··· Input records ···
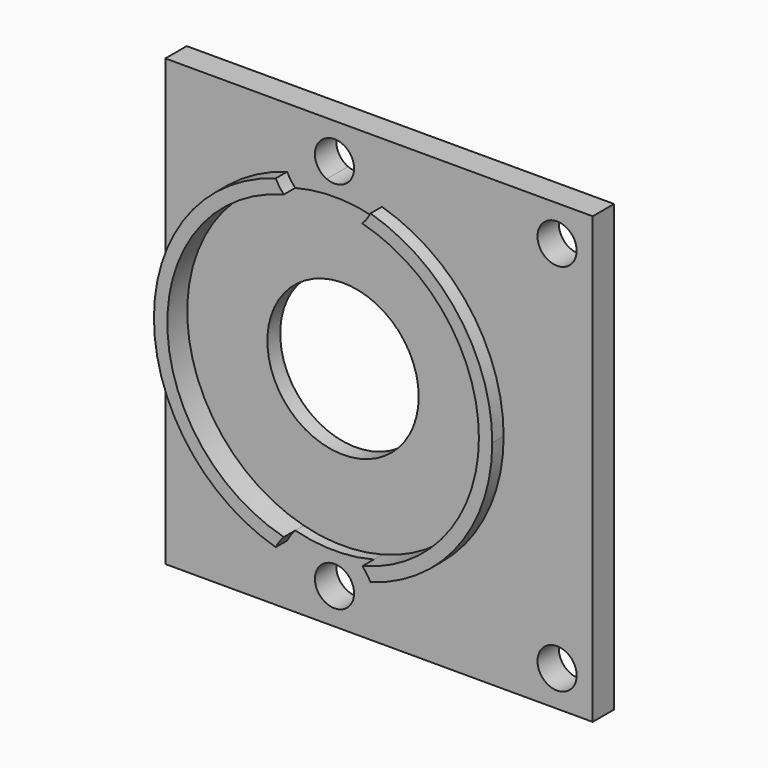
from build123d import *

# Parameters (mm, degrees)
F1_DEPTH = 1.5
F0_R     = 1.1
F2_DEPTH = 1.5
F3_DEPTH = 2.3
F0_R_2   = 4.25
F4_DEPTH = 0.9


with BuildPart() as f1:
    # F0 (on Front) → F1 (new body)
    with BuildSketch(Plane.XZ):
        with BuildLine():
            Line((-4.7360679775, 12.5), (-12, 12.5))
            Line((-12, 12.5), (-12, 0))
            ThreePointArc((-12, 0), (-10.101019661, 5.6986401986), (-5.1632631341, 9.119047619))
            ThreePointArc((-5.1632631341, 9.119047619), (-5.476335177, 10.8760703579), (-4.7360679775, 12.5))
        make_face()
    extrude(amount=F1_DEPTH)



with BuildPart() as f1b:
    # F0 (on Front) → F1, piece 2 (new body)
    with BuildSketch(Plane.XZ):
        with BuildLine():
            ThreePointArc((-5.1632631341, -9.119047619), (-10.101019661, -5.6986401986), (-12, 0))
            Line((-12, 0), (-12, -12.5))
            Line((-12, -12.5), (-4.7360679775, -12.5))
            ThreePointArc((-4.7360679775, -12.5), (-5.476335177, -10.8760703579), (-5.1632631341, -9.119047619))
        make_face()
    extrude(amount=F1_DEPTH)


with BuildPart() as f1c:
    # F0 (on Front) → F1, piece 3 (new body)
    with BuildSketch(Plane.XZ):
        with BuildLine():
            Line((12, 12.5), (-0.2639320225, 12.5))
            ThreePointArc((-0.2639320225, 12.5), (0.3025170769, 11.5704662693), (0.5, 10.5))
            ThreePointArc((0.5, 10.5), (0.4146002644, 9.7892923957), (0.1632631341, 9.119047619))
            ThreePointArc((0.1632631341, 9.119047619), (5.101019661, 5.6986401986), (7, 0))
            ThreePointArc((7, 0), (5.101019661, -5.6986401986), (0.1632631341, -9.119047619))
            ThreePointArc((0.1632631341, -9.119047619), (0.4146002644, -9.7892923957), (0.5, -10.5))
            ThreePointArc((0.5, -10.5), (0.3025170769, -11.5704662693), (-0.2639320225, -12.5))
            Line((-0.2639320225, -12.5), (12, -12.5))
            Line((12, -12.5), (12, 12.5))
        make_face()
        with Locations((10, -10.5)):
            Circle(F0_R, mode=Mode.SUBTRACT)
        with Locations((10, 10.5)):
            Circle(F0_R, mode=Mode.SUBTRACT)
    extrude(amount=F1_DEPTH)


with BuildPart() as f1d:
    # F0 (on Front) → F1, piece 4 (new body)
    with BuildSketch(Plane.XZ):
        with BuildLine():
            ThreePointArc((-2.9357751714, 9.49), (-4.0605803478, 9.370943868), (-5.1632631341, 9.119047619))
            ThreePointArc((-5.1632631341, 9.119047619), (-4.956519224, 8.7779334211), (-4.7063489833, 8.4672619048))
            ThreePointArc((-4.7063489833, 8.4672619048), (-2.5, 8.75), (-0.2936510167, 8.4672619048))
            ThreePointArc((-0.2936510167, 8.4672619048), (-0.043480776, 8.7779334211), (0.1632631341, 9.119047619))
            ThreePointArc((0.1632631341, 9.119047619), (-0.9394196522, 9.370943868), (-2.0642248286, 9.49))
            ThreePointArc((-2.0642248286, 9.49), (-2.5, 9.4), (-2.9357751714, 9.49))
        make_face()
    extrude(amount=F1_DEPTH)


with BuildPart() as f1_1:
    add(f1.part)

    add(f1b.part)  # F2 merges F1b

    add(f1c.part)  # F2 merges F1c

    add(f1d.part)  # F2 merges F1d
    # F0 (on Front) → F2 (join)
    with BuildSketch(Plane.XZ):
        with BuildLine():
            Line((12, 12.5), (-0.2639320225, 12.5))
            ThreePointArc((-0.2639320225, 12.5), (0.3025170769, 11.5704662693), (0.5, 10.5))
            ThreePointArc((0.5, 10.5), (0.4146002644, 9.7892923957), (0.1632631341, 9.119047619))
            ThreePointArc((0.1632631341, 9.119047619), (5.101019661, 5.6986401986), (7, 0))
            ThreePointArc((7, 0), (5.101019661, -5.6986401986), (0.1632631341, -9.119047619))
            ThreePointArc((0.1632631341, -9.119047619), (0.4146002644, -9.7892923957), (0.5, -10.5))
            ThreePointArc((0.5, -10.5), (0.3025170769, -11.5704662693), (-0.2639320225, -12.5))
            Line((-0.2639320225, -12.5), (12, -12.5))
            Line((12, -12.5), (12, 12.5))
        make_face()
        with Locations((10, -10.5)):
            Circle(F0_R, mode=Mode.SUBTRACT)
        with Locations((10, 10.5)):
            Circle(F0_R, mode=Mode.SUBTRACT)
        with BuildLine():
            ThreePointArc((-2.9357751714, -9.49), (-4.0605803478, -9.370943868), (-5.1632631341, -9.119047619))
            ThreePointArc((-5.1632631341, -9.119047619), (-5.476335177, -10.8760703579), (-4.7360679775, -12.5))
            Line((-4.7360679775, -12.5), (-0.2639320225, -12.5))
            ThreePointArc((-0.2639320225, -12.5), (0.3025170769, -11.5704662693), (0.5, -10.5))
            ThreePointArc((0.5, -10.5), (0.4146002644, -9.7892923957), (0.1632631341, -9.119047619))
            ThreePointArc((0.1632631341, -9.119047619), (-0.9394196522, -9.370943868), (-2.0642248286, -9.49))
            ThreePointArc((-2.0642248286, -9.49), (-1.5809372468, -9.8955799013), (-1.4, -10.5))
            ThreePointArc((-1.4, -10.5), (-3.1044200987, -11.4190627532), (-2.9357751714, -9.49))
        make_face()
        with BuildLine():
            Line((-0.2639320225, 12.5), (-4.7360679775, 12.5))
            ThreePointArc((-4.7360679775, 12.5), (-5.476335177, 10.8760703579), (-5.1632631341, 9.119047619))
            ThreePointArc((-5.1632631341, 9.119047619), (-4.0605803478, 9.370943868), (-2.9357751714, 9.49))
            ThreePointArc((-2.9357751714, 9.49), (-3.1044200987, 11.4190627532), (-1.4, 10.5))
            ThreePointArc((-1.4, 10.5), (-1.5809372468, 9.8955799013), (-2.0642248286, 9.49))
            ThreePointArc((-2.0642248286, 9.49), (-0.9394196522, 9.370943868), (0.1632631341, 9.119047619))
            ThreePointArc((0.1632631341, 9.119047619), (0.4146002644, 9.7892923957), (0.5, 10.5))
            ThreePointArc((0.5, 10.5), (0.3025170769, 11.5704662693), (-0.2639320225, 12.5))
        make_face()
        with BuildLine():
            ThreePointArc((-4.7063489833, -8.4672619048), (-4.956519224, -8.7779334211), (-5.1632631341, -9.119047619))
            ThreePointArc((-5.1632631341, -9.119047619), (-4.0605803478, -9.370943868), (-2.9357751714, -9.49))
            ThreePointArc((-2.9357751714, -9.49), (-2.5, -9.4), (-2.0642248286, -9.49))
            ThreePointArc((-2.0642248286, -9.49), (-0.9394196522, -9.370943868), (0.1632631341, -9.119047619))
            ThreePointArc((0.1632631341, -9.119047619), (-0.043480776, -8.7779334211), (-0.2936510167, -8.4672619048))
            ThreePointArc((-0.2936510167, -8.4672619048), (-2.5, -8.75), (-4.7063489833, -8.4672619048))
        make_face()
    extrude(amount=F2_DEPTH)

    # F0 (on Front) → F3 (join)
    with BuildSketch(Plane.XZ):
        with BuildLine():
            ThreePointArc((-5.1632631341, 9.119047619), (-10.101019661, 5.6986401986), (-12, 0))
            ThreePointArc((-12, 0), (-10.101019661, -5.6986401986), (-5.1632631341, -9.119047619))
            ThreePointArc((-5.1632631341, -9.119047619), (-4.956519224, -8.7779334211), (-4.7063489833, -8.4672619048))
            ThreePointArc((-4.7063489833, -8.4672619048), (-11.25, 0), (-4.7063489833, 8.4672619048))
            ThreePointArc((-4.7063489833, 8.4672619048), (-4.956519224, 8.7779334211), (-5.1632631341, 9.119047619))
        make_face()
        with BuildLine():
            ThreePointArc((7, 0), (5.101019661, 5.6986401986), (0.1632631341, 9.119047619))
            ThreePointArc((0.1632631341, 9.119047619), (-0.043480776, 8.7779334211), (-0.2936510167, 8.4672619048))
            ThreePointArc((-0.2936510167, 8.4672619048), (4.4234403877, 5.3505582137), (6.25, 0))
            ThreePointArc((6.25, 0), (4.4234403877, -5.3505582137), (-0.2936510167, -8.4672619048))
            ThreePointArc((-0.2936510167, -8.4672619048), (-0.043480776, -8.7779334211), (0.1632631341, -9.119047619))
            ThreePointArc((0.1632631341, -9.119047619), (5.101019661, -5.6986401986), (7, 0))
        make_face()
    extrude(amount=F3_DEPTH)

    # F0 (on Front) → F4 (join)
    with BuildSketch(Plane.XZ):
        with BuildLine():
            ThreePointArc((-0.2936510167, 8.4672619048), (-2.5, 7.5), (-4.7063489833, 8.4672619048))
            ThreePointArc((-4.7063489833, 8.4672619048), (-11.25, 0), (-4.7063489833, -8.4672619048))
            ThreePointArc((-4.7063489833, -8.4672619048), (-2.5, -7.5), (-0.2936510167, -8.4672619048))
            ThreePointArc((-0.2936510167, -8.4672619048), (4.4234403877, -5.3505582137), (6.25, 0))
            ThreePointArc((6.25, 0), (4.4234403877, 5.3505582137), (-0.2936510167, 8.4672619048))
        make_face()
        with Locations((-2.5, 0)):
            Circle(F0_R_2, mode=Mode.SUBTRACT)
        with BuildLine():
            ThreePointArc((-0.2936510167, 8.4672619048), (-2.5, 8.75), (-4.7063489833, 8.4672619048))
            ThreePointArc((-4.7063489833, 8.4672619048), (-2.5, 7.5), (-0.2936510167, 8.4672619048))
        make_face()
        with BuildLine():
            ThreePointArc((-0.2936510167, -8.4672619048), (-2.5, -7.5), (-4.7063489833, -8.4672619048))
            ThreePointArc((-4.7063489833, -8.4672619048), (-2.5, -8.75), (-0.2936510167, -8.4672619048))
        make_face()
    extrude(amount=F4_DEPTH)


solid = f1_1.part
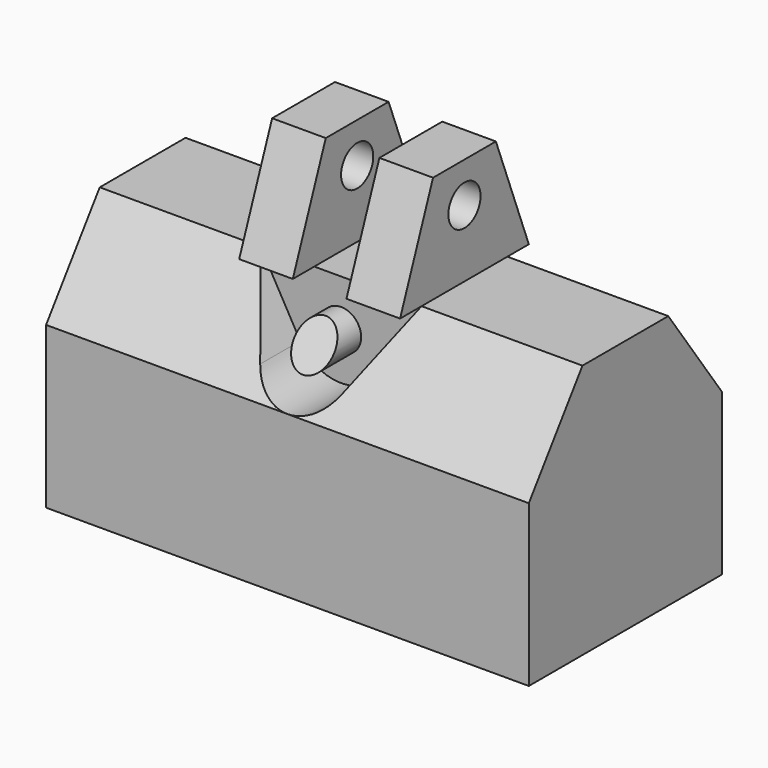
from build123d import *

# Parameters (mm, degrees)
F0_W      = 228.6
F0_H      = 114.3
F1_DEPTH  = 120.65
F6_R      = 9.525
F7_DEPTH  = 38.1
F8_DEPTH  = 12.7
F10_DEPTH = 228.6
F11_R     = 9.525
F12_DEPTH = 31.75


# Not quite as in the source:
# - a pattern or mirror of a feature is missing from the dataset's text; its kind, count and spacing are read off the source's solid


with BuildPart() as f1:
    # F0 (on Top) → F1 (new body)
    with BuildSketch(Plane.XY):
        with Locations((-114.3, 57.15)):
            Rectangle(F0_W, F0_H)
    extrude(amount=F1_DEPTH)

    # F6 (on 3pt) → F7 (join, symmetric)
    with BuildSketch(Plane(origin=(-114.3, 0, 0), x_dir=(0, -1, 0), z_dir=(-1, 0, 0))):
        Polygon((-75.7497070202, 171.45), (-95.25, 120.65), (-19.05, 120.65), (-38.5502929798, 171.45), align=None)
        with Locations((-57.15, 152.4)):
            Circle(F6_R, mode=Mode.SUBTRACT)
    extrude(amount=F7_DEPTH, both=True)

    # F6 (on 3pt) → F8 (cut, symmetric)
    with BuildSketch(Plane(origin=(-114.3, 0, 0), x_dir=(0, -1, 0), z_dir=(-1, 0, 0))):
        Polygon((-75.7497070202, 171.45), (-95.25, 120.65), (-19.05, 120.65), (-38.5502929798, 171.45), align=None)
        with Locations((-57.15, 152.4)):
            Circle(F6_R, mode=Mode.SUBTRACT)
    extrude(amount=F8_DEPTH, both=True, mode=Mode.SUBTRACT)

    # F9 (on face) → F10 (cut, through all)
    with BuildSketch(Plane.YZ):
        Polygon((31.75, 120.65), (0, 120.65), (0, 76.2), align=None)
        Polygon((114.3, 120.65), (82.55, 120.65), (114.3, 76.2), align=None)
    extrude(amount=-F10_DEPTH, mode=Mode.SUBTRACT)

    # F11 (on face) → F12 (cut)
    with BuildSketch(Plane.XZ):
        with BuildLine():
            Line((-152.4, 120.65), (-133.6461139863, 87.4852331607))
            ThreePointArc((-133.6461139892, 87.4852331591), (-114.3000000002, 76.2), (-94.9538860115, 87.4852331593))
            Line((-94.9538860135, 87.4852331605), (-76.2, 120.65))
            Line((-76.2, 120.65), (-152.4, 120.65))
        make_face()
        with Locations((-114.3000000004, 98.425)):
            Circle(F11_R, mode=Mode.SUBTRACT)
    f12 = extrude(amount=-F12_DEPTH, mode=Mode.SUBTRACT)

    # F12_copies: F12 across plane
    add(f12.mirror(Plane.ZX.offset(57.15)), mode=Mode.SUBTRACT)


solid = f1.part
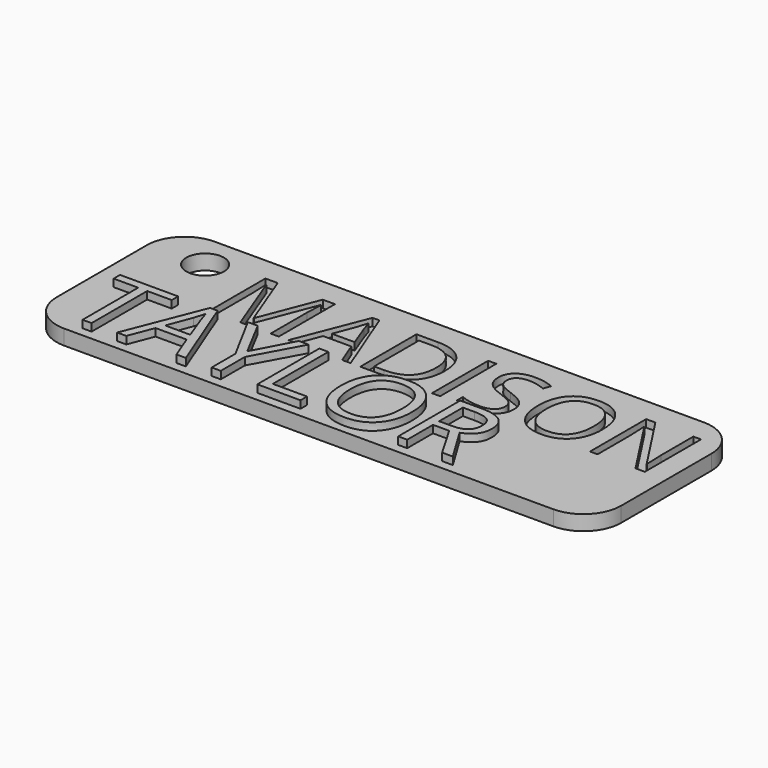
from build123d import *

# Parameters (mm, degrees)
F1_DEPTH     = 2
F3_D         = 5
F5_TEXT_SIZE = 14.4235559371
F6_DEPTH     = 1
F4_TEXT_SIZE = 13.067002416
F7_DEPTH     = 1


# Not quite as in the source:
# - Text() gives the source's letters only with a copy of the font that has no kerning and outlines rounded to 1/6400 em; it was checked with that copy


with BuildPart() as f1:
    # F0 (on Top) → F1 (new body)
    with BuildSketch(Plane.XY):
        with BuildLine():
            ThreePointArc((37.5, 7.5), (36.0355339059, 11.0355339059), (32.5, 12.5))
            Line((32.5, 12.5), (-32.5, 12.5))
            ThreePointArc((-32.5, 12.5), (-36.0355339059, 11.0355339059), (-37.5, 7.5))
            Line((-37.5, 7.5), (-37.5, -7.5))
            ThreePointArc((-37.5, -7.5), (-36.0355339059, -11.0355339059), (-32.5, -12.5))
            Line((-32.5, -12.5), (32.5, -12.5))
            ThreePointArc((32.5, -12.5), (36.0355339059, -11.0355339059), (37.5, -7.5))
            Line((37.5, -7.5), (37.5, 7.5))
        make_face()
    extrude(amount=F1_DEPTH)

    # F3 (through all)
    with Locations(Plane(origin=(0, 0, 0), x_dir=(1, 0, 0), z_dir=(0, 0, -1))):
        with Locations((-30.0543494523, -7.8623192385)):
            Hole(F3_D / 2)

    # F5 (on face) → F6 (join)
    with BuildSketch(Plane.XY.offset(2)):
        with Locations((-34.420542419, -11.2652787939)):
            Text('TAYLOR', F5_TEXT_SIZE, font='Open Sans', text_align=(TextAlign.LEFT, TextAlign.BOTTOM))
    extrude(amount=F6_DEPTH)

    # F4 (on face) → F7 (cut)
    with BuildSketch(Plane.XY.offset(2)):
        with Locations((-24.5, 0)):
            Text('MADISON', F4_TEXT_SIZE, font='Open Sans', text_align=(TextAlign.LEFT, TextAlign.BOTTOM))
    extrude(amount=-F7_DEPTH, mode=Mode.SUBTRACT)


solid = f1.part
···
Activity: Write out, word for word, the lines from the first line of the entries through the one containing "5.6986401986), (-5.1632631341, 9.119047619))", both included. Leave out the pictures.

Solved problem:
from build123d import *

# Parameters (mm, degrees)
F1_DEPTH = 1.5
F0_R     = 1.1
F2_DEPTH = 1.5
F3_DEPTH = 2.3
F0_R_2   = 4.25
F4_DEPTH = 0.9


with BuildPart() as f1:
    # F0 (on Front) → F1 (new body)
    with BuildSketch(Plane.XZ):
        with BuildLine():
            Line((-4.7360679775, 12.5), (-12, 12.5))
            Line((-12, 12.5), (-12, 0))
            ThreePointArc((-12, 0), (-10.101019661, 5.6986401986), (-5.1632631341, 9.119047619))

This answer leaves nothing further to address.